After being released from hospital for the second time for issues relating to exhaustion, Edmonds signed a record deal with RCA Records, which included the promise of working with Nat Kipner in London. However, little came from the contract, recording-wise. She was offered the opportunity to replace Judith Durham in The Seekers in 1968, but turned it down. Edmonds decided to perform in low-key venues for the next six months with various groups in Australia, most notably the band Climax. She and the band released an obscure single on an independent label, the last recording of new material that included Edmonds. In a 2008 interview, she said: "I'd had enough, not because I didn't like it but that I wanted a complete change. I was walking away from a career that was looking like it was going to be very successful because all the avenues were open. I had the personality, I wore the clothes, I was up-to-date with everything, and I had contacts overseas. But I wanted something more than the entertainment industry."
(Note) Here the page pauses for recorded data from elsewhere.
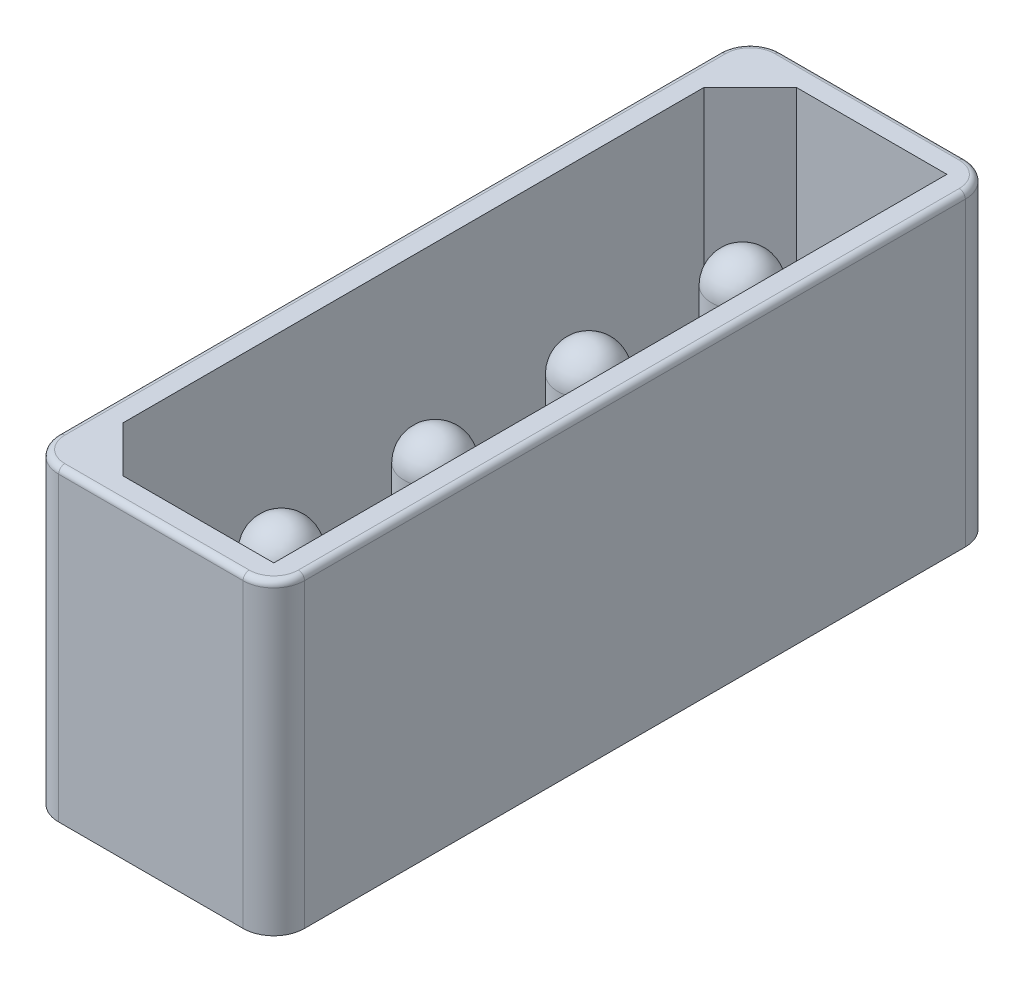
ISO-10303-21;
HEADER;
FILE_DESCRIPTION(('STEP AP214'),'2;1');
FILE_NAME('part.step','',(''),(''),'','','');
FILE_SCHEMA(('AUTOMOTIVE_DESIGN { 1 0 10303 214 1 1 1 1 }'));
ENDSEC;
DATA;
#1=APPLICATION_CONTEXT('core data for automotive mechanical design processes');
#2=APPLICATION_PROTOCOL_DEFINITION('international standard','automotive_design',2000,#1);
#3=PRODUCT_CONTEXT('',#1,'mechanical');
#4=PRODUCT('Part','Part','',(#3));
#5=PRODUCT_RELATED_PRODUCT_CATEGORY('part','',(#4));
#6=PRODUCT_DEFINITION_FORMATION('','',#4);
#7=PRODUCT_DEFINITION_CONTEXT('part definition',#1,'design');
#8=PRODUCT_DEFINITION('design','',#6,#7);
#9=PRODUCT_DEFINITION_SHAPE('','',#8);
#10=(LENGTH_UNIT() NAMED_UNIT(*) SI_UNIT(.MILLI.,.METRE.));
#11=(NAMED_UNIT(*) PLANE_ANGLE_UNIT() SI_UNIT($,.RADIAN.));
#12=(NAMED_UNIT(*) SI_UNIT($,.STERADIAN.) SOLID_ANGLE_UNIT());
#13=UNCERTAINTY_MEASURE_WITH_UNIT(LENGTH_MEASURE(1.E-05),#10,'distance_accuracy_value','');
#14=(GEOMETRIC_REPRESENTATION_CONTEXT(3) GLOBAL_UNCERTAINTY_ASSIGNED_CONTEXT((#13)) GLOBAL_UNIT_ASSIGNED_CONTEXT((#10,
#11,#12)) REPRESENTATION_CONTEXT('',''));
#15=CARTESIAN_POINT('',(0.,0.,0.));
#16=DIRECTION('',(0.,0.,1.));
#17=DIRECTION('',(1.,0.,0.));
#18=AXIS2_PLACEMENT_3D('',#15,#16,#17);
#19=CARTESIAN_POINT('',(-3.,1.5,10.75));
#20=DIRECTION('',(0.,-1.,0.));
#21=DIRECTION('',(0.,0.,-1.));
#22=AXIS2_PLACEMENT_3D('',#19,#20,#21);
#23=CYLINDRICAL_SURFACE('',#22,1.);
#24=CARTESIAN_POINT('',(-3.,1.,10.75));
#25=DIRECTION('',(0.,-1.,0.));
#26=DIRECTION('',(0.,0.,-1.));
#27=AXIS2_PLACEMENT_3D('',#24,#25,#26);
#28=CIRCLE('',#27,1.);
#29=CARTESIAN_POINT('',(-3.,1.,11.75));
#30=VERTEX_POINT('',#29);
#31=CARTESIAN_POINT('',(-4.,1.,10.75));
#32=VERTEX_POINT('',#31);
#33=EDGE_CURVE('E290',#30,#32,#28,.T.);
#34=ORIENTED_EDGE('',*,*,#33,.F.);
#35=DIRECTION('',(0.,-1.,0.));
#36=VECTOR('',#35,1.);
#37=CARTESIAN_POINT('',(-3.,1.5,11.75));
#38=LINE('',#37,#36);
#39=CARTESIAN_POINT('',(-3.,10.8,11.75));
#40=VERTEX_POINT('',#39);
#41=EDGE_CURVE('E12',#40,#30,#38,.T.);
#42=ORIENTED_EDGE('',*,*,#41,.F.);
#43=CARTESIAN_POINT('',(-3.,10.8,10.75));
#44=DIRECTION('',(0.,1.,0.));
#45=DIRECTION('',(0.,0.,1.));
#46=AXIS2_PLACEMENT_3D('',#43,#44,#45);
#47=CIRCLE('',#46,1.);
#48=CARTESIAN_POINT('',(-4.,10.8,10.75));
#49=VERTEX_POINT('',#48);
#50=EDGE_CURVE('E237',#40,#49,#47,.F.);
#51=ORIENTED_EDGE('',*,*,#50,.T.);
#52=DIRECTION('',(0.,-1.,0.));
#53=VECTOR('',#52,1.);
#54=CARTESIAN_POINT('',(-4.,1.5,10.75));
#55=LINE('',#54,#53);
#56=EDGE_CURVE('E52',#49,#32,#55,.T.);
#57=ORIENTED_EDGE('',*,*,#56,.T.);
#58=EDGE_LOOP('',(#34,#42,#51,#57));
#59=FACE_BOUND('',#58,.T.);
#60=ADVANCED_FACE('F49',(#59),#23,.T.);
#61=CARTESIAN_POINT('',(3.,1.5,11.75));
#62=DIRECTION('',(0.,0.,1.));
#63=DIRECTION('',(1.,0.,0.));
#64=AXIS2_PLACEMENT_3D('',#61,#62,#63);
#65=PLANE('',#64);
#66=DIRECTION('',(-1.,0.,0.));
#67=VECTOR('',#66,1.);
#68=CARTESIAN_POINT('',(3.,1.,11.75));
#69=LINE('',#68,#67);
#70=CARTESIAN_POINT('',(3.,1.,11.75));
#71=VERTEX_POINT('',#70);
#72=EDGE_CURVE('E311',#71,#30,#69,.T.);
#73=ORIENTED_EDGE('',*,*,#72,.F.);
#74=DIRECTION('',(0.,-1.,0.));
#75=VECTOR('',#74,1.);
#76=CARTESIAN_POINT('',(3.,1.5,11.75));
#77=LINE('',#76,#75);
#78=CARTESIAN_POINT('',(3.,10.8,11.75));
#79=VERTEX_POINT('',#78);
#80=EDGE_CURVE('E57',#79,#71,#77,.T.);
#81=ORIENTED_EDGE('',*,*,#80,.F.);
#82=DIRECTION('',(1.,0.,0.));
#83=VECTOR('',#82,1.);
#84=CARTESIAN_POINT('',(-3.,10.8,11.75));
#85=LINE('',#84,#83);
#86=EDGE_CURVE('E258',#79,#40,#85,.F.);
#87=ORIENTED_EDGE('',*,*,#86,.T.);
#88=ORIENTED_EDGE('',*,*,#41,.T.);
#89=EDGE_LOOP('',(#73,#81,#87,#88));
#90=FACE_BOUND('',#89,.T.);
#91=ADVANCED_FACE('F335',(#90),#65,.T.);
#92=CARTESIAN_POINT('',(3.,1.5,10.75));
#93=DIRECTION('',(0.,-1.,0.));
#94=DIRECTION('',(0.,0.,-1.));
#95=AXIS2_PLACEMENT_3D('',#92,#93,#94);
#96=CYLINDRICAL_SURFACE('',#95,1.);
#97=CARTESIAN_POINT('',(3.,1.,10.75));
#98=DIRECTION('',(0.,-1.,0.));
#99=DIRECTION('',(0.,0.,-1.));
#100=AXIS2_PLACEMENT_3D('',#97,#98,#99);
#101=CIRCLE('',#100,1.);
#102=CARTESIAN_POINT('',(4.,1.,10.75));
#103=VERTEX_POINT('',#102);
#104=EDGE_CURVE('E308',#103,#71,#101,.T.);
#105=ORIENTED_EDGE('',*,*,#104,.F.);
#106=DIRECTION('',(0.,-1.,0.));
#107=VECTOR('',#106,1.);
#108=CARTESIAN_POINT('',(4.,1.5,10.75));
#109=LINE('',#108,#107);
#110=CARTESIAN_POINT('',(4.,10.8,10.75));
#111=VERTEX_POINT('',#110);
#112=EDGE_CURVE('E315',#111,#103,#109,.T.);
#113=ORIENTED_EDGE('',*,*,#112,.F.);
#114=CARTESIAN_POINT('',(3.,10.8,10.75));
#115=DIRECTION('',(0.,1.,0.));
#116=DIRECTION('',(0.,0.,1.));
#117=AXIS2_PLACEMENT_3D('',#114,#115,#116);
#118=CIRCLE('',#117,1.);
#119=EDGE_CURVE('E255',#111,#79,#118,.F.);
#120=ORIENTED_EDGE('',*,*,#119,.T.);
#121=ORIENTED_EDGE('',*,*,#80,.T.);
#122=EDGE_LOOP('',(#105,#113,#120,#121));
#123=FACE_BOUND('',#122,.T.);
#124=ADVANCED_FACE('F382',(#123),#96,.T.);
#125=CARTESIAN_POINT('',(3.99999999999999,1.5,-10.75));
#126=DIRECTION('',(1.,0.,0.));
#127=DIRECTION('',(0.,0.,-1.));
#128=AXIS2_PLACEMENT_3D('',#125,#126,#127);
#129=PLANE('',#128);
#130=DIRECTION('',(0.,0.,1.));
#131=VECTOR('',#130,1.);
#132=CARTESIAN_POINT('',(3.99999999999999,1.,-10.75));
#133=LINE('',#132,#131);
#134=CARTESIAN_POINT('',(3.99999999999999,1.,-10.75));
#135=VERTEX_POINT('',#134);
#136=EDGE_CURVE('E305',#135,#103,#133,.T.);
#137=ORIENTED_EDGE('',*,*,#136,.F.);
#138=DIRECTION('',(0.,-1.,0.));
#139=VECTOR('',#138,1.);
#140=CARTESIAN_POINT('',(3.99999999999999,1.5,-10.75));
#141=LINE('',#140,#139);
#142=CARTESIAN_POINT('',(3.99999999999999,10.8,-10.75));
#143=VERTEX_POINT('',#142);
#144=EDGE_CURVE('E317',#143,#135,#141,.T.);
#145=ORIENTED_EDGE('',*,*,#144,.F.);
#146=DIRECTION('',(0.,0.,-1.));
#147=VECTOR('',#146,1.);
#148=CARTESIAN_POINT('',(4.,10.8,10.75));
#149=LINE('',#148,#147);
#150=EDGE_CURVE('E252',#143,#111,#149,.F.);
#151=ORIENTED_EDGE('',*,*,#150,.T.);
#152=ORIENTED_EDGE('',*,*,#112,.T.);
#153=EDGE_LOOP('',(#137,#145,#151,#152));
#154=FACE_BOUND('',#153,.T.);
#155=ADVANCED_FACE('F379',(#154),#129,.T.);
#156=CARTESIAN_POINT('',(2.99999999999999,1.5,-10.75));
#157=DIRECTION('',(0.,-1.,0.));
#158=DIRECTION('',(0.,0.,-1.));
#159=AXIS2_PLACEMENT_3D('',#156,#157,#158);
#160=CYLINDRICAL_SURFACE('',#159,1.);
#161=CARTESIAN_POINT('',(2.99999999999999,1.,-10.75));
#162=DIRECTION('',(0.,-1.,0.));
#163=DIRECTION('',(0.,0.,-1.));
#164=AXIS2_PLACEMENT_3D('',#161,#162,#163);
#165=CIRCLE('',#164,1.);
#166=CARTESIAN_POINT('',(2.99999999999999,1.,-11.75));
#167=VERTEX_POINT('',#166);
#168=EDGE_CURVE('E302',#167,#135,#165,.T.);
#169=ORIENTED_EDGE('',*,*,#168,.F.);
#170=DIRECTION('',(0.,-1.,0.));
#171=VECTOR('',#170,1.);
#172=CARTESIAN_POINT('',(2.99999999999999,1.5,-11.75));
#173=LINE('',#172,#171);
#174=CARTESIAN_POINT('',(2.99999999999999,10.8,-11.75));
#175=VERTEX_POINT('',#174);
#176=EDGE_CURVE('E319',#175,#167,#173,.T.);
#177=ORIENTED_EDGE('',*,*,#176,.F.);
#178=CARTESIAN_POINT('',(2.99999999999999,10.8,-10.75));
#179=DIRECTION('',(0.,1.,0.));
#180=DIRECTION('',(0.,0.,1.));
#181=AXIS2_PLACEMENT_3D('',#178,#179,#180);
#182=CIRCLE('',#181,1.);
#183=EDGE_CURVE('E249',#175,#143,#182,.F.);
#184=ORIENTED_EDGE('',*,*,#183,.T.);
#185=ORIENTED_EDGE('',*,*,#144,.T.);
#186=EDGE_LOOP('',(#169,#177,#184,#185));
#187=FACE_BOUND('',#186,.T.);
#188=ADVANCED_FACE('F376',(#187),#160,.T.);
#189=CARTESIAN_POINT('',(-3.,1.5,-11.75));
#190=DIRECTION('',(0.,0.,-1.));
#191=DIRECTION('',(-1.,0.,0.));
#192=AXIS2_PLACEMENT_3D('',#189,#190,#191);
#193=PLANE('',#192);
#194=DIRECTION('',(1.,0.,0.));
#195=VECTOR('',#194,1.);
#196=CARTESIAN_POINT('',(-3.,1.,-11.75));
#197=LINE('',#196,#195);
#198=CARTESIAN_POINT('',(-3.,1.,-11.75));
#199=VERTEX_POINT('',#198);
#200=EDGE_CURVE('E299',#199,#167,#197,.T.);
#201=ORIENTED_EDGE('',*,*,#200,.F.);
#202=DIRECTION('',(0.,-1.,0.));
#203=VECTOR('',#202,1.);
#204=CARTESIAN_POINT('',(-3.,1.5,-11.75));
#205=LINE('',#204,#203);
#206=CARTESIAN_POINT('',(-3.,10.8,-11.75));
#207=VERTEX_POINT('',#206);
#208=EDGE_CURVE('E321',#207,#199,#205,.T.);
#209=ORIENTED_EDGE('',*,*,#208,.F.);
#210=DIRECTION('',(-1.,0.,0.));
#211=VECTOR('',#210,1.);
#212=CARTESIAN_POINT('',(2.99999999999999,10.8,-11.75));
#213=LINE('',#212,#211);
#214=EDGE_CURVE('E246',#207,#175,#213,.F.);
#215=ORIENTED_EDGE('',*,*,#214,.T.);
#216=ORIENTED_EDGE('',*,*,#176,.T.);
#217=EDGE_LOOP('',(#201,#209,#215,#216));
#218=FACE_BOUND('',#217,.T.);
#219=ADVANCED_FACE('F368',(#218),#193,.T.);
#220=CARTESIAN_POINT('',(-3.,1.5,-10.75));
#221=DIRECTION('',(0.,-1.,0.));
#222=DIRECTION('',(0.,0.,-1.));
#223=AXIS2_PLACEMENT_3D('',#220,#221,#222);
#224=CYLINDRICAL_SURFACE('',#223,1.);
#225=CARTESIAN_POINT('',(-3.,1.,-10.75));
#226=DIRECTION('',(0.,-1.,0.));
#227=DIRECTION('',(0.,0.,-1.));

===Post-entertainment career===
In 1970 she married, and decided to travel, spending the next eight years on the "hippie trail" visiting Bali, Burma, India, and elsewhere as well as having stays in Australia – where she made several appearances in the early 1970s with her own jazz-blues band, the Sandy Edmonds Band – the US, and London. After having her first child she returned to live in Melbourne, Australia, in the late 1970s, and set up a fashion shop, Penny Lane, with a friend. By this time using her birth name of Rosalie Edmondson, she then established her own fashion store, Picked by a Rose, designing and making her own fashions and catering to a high-status clientele. After remarrying and having her second child, she established a children's boutique in Melbourne. Her store, Shibuki, later concentrated on women's fashion, and she used the name Rosalie Edmondson-Corner.

In 2005, after it was discovered Edmondson was working in fashion, a compilation album with the same name as her debut album was released by EMI Records.

==Death==
On 21 December 2022, Edmondson's death appeared on the New Zealand music history site AudioCulture, after notification by the family.
She had died on 19 December 2022 in Melbourne, Australia after a short illness.